After much google'n it seems that I had some kind of public key issue:
rpm --import http://linux.dell.com/files/libsmbios/download/RPM-GPG-KEY-libsmbios
rpm --import http://lists.us.dell.com/linux-security-publickey.txt
Now update_firmware works again as expected.

Tuesday, July 10, 2012

CentOS 6.3 mdadm won't start older md arrays.

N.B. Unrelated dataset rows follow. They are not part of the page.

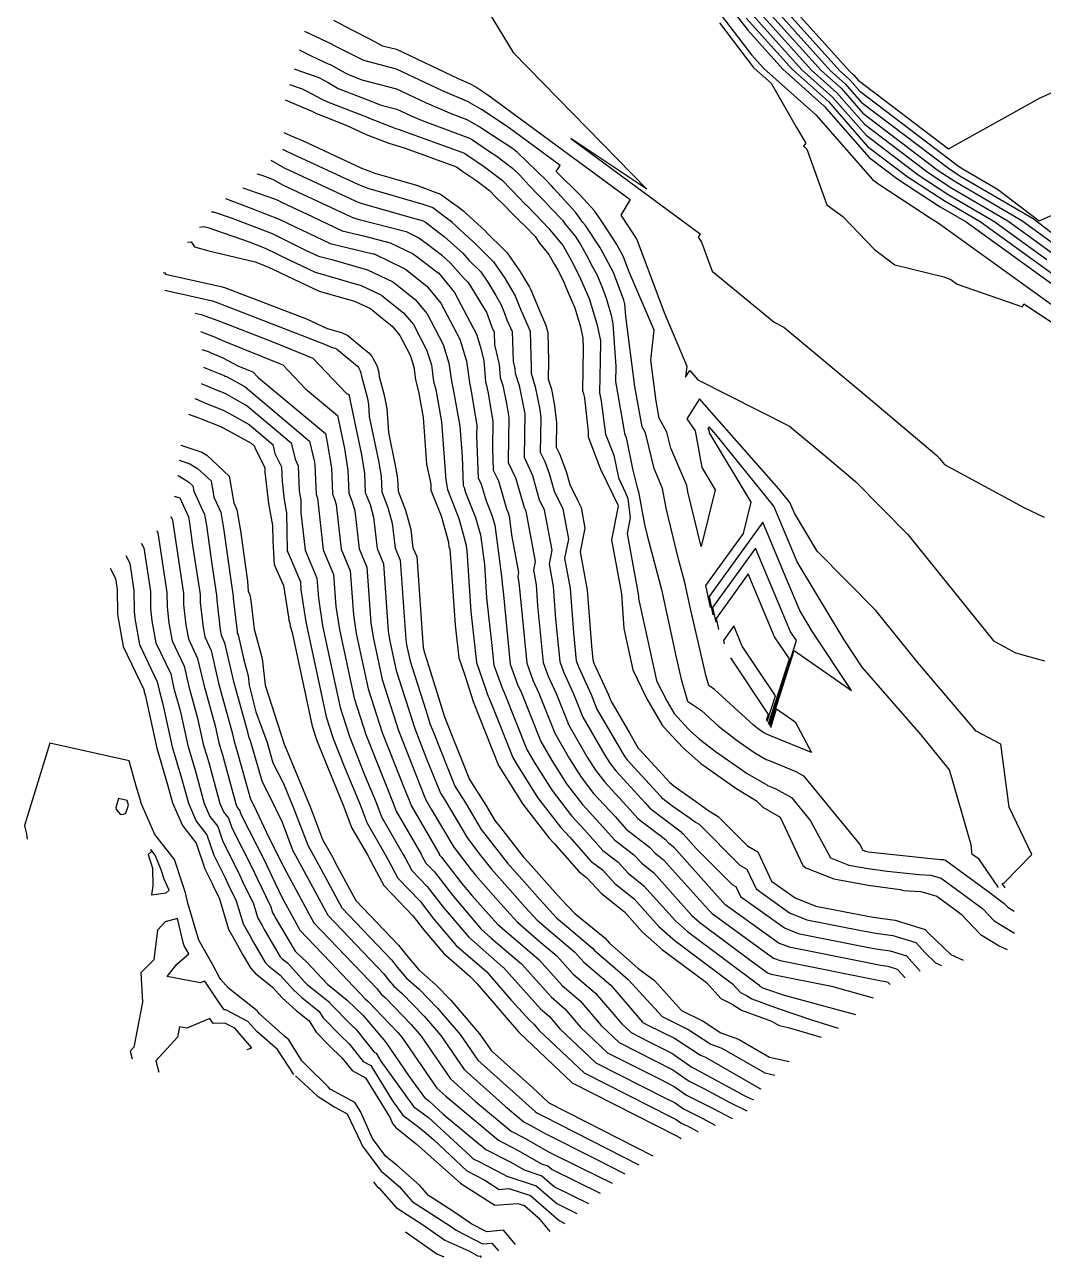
# Model space of a CAD drawing. Header units: millimetres. Extents: x 1157528 to 1158127, y 1280646 to 1281429.
# Drawn here: x 1157531.4 to 1157576.6, y 1280789.3 to 1280843.8 of the extents above; entities that cross this region are included whole.
import ezdxf

# ---------------------------------------------------------------- set-up
doc = ezdxf.new("R2010")
doc.units = ezdxf.units.MM
doc.layers.add('OCTUBRE', color=31, linetype='Continuous')

msp = doc.modelspace()

# ---------------------------------------------------------------- linework, layer by layer
at = {"layer": 'OCTUBRE', "flags": 128}
for points, elevation in [([(1157563.008, 1280846.853), (1157567.558, 1280841.792), (1157567.973, 1280841.422), (1157568.424, 1280840.907), (1157572.798, 1280837.592), (1157573.03, 1280837.44), (1157574.52, 1280836.57), (1157576.364, 1280835.166), (1157582.311, 1280837.759), (1157583.528, 1280837.39), (1157583.878, 1280838.986), (1157583.878, 1280838.986), (1157583.618, 1280839.692), (1157582.986, 1280841.09), (1157582.876, 1280841.778), (1157582.191, 1280843.483), (1157581.175, 1280845.781)], 461.5), ([(1157551.087, 1280845.905), (1157553.079, 1280842.615), (1157559.002, 1280836.571), (1157555.635, 1280838.81), (1157561.359, 1280834.594), (1157561.271, 1280834.449), (1157561.423, 1280834.22), (1157561.895, 1280832.945), (1157564.633, 1280830.682), (1157565.063, 1280830.465), (1157568.71, 1280827.419), (1157571.832, 1280824.776), (1157571.962, 1280824.643), (1157572.177, 1280824.377), (1157575.723, 1280822.472), (1157576.586, 1280822.051)], 466.5), ([(1157563.086, 1280846.311), (1157567.136, 1280841.806), (1157567.786, 1280841.226), (1157568.494, 1280840.418), (1157572.351, 1280837.495), (1157572.856, 1280837.164), (1157576.103, 1280835.269), (1157580.122, 1280832.208), (1157582.12, 1280833.079), (1157584.83, 1280832.257), (1157585.607, 1280835.809), (1157585.029, 1280837.382), (1157583.624, 1280840.491), (1157583.377, 1280842.022), (1157581.855, 1280845.818)], 462), ([(1157563.164, 1280845.768), (1157566.713, 1280841.821), (1157567.599, 1280841.03), (1157568.565, 1280839.93), (1157571.905, 1280837.397), (1157572.682, 1280836.889), (1157575.601, 1280835.185), (1157576.355, 1280834.64), (1157581.724, 1280830.704), (1157581.885, 1280830.613), (1157582.005, 1280830.537), (1157585.745, 1280828.202), (1157585.989, 1280828.088), (1157586.343, 1280828.088), (1157587.337, 1280832.633), (1157586.761, 1280834.198), (1157586.286, 1280835.685), (1157586.166, 1280835.887), (1157585.95, 1280836.264), (1157585.821, 1280836.411), (1157585.703, 1280836.703), (1157584.262, 1280839.892), (1157583.879, 1280842.267), (1157582.384, 1280845.996)], 462.5), ([(1157564.58, 1280845.561), (1157567.981, 1280841.777), (1157568.16, 1280841.618), (1157568.354, 1280841.396), (1157572.361, 1280838.359), (1157576.416, 1280840.605), (1157581.707, 1280843.004), (1157580.905, 1280844.817)], 461), ([(1157562.443, 1280844.951), (1157563.476, 1280843.598), (1157565.021, 1280841.879), (1157566.85, 1280840.246), (1157568.845, 1280837.974), (1157570.118, 1280837.009), (1157571.988, 1280835.785), (1157573.136, 1280835.115), (1157577.074, 1280832.274)], 464.5), ([(1157563.242, 1280845.225), (1157566.29, 1280841.835), (1157567.412, 1280840.834), (1157568.635, 1280839.441), (1157571.458, 1280837.3), (1157572.509, 1280836.613), (1157574.984, 1280835.167), (1157576.535, 1280834.049), (1157581.115, 1280830.69)], 463), ([(1157562.289, 1280844.272), (1157563.632, 1280842.512), (1157564.175, 1280841.908), (1157566.476, 1280839.855), (1157568.986, 1280836.996), (1157569.224, 1280836.815), (1157571.64, 1280835.234), (1157571.903, 1280835.08), (1157577.434, 1280831.091)], 465.5), ([(1157563.32, 1280844.683), (1157565.867, 1280841.85), (1157567.224, 1280840.638), (1157568.705, 1280838.952), (1157571.011, 1280837.203), (1157572.335, 1280836.337), (1157574.368, 1280835.15), (1157576.715, 1280833.457)], 463.5), ([(1157545.131, 1280844.053), (1157545.971, 1280843.61), (1157546.721, 1280843.213), (1157547.301, 1280842.917), (1157547.914, 1280842.756), (1157550.652, 1280841.466), (1157551.151, 1280841.25), (1157551.43, 1280841.091), (1157551.963, 1280840.744), (1157558.257, 1280836.107), (1157557.844, 1280835.422), (1157558.561, 1280834.341), (1157559.759, 1280831.103), (1157560.769, 1280828.742), (1157560.715, 1280828.245), (1157560.9, 1280828.544), (1157561.26, 1280828.136), (1157565.313, 1280826.084), (1157566.89, 1280824.767), (1157568.24, 1280823.624), (1157570.549, 1280821.283), (1157574.349, 1280816.574), (1157575.321, 1280816.051), (1157576.609, 1280815.699)], 467), ([(1157562.212, 1280843.932), (1157563.71, 1280841.97), (1157563.753, 1280841.923), (1157564.5, 1280841.256), (1157565.626, 1280839.3), (1157566.038, 1280838.602), (1157565.934, 1280838.475), (1157566.079, 1280838.341), (1157566.975, 1280835.871), (1157567.675, 1280835.357), (1157569.081, 1280833.905), (1157569.974, 1280833.212), (1157572.152, 1280832.684), (1157572.458, 1280832.572), (1157572.745, 1280832.363), (1157575.63, 1280831.354), (1157575.698, 1280831.497), (1157577.169, 1280830.517)], 466), ([(1157563.398, 1280844.14), (1157565.444, 1280841.864), (1157567.037, 1280840.442), (1157568.775, 1280838.463), (1157570.565, 1280837.106), (1157572.161, 1280836.061), (1157573.752, 1280835.132), (1157576.895, 1280832.866)], 464), ([(1157574.861, 1280805.656), (1157574.732, 1280805.844), (1157574.805, 1280805.862), (1157576.047, 1280807.126), (1157575.042, 1280809.218), (1157574.68, 1280812.01), (1157573.585, 1280812.584), (1157570.979, 1280815.638), (1157569.136, 1280817.923), (1157566.548, 1280820.546), (1157565.531, 1280822.232), (1157565.334, 1280822.707), (1157564.841, 1280823.313), (1157561.327, 1280827.295), (1157560.773, 1280826.4), (1157561.135, 1280825.872), (1157561.432, 1280824.249), (1157562.026, 1280823.257), (1157561.41, 1280820.751), (1157560.814, 1280823.172), (1157560.765, 1280823.453), (1157560.063, 1280825.11), (1157559.891, 1280825.811), (1157559.55, 1280826.437), (1157559.416, 1280827.183), (1157559.177, 1280829), (1157559.319, 1280830.322), (1157558.201, 1280832.935), (1157557.966, 1280833.577), (1157557.669, 1280834.118), (1157557.382, 1280834.577), (1157556.915, 1280835.275), (1157556.678, 1280835.606), (1157556.053, 1280836.302), (1157554.988, 1280837.344), (1157555.155, 1280837.62), (1157552.855, 1280839.315), (1157551.671, 1280840.087), (1157551.051, 1280840.44), (1157549.946, 1280840.918), (1157547.921, 1280841.872), (1157546.462, 1280842.255), (1157545.08, 1280842.961), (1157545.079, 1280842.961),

For some of us, the drive setups we create stays with a system for a long time. Keeping the same data disk array untouched even for major revision changes is common (like a OS rebuild of 5.x -> 6.x). Sometimes that long term usage bites back. Here is my failure case while upgrading from CentOS 6.2 -> CentOS 6.3.

Symptoms:
Simply md RAID 1 extra data drive will not boot. The system drops to recovery mode with a missing (md) drive to mount and an fsck request. The extra file system has 2 "linux_raid_member" drives that show under fdisk and blkid. Even a "cat /proc/mdstat" shows no arrays. If I run, as root:
mdadm --auto-detect
the /proc/mdstat will finally show info, however.

Solutions:
  1. Make sure that the /etc/mdadm.conf contains the array info from: 
    mdadm --examine --scan >> /etc/mdadm.conf
  2. There seems to be kinda "depreciated" mdadm technical note about older created arrays with BZ-788022 implicated and a "+0.90" needing to be added to/etc/mdadm.conf, but you need to get rid of the "+1.x -all" options!
How do you tell in advance that you will have an issue *before* an upgrade? If  you run, as root,
mdadm -E /dev/sdc1|grep Vers
and get output like: "Version : 0.90.00", you will want to make a change *before* you reboot!

It is interesting to note that I was able to just have this md array work in 6.0, 6.1 and 6.2 because,
In Red Hat Enterprise Linux 6.1 and 6.2, mdadm always assembled version 0.90 RAID arrays automatically due to a bug.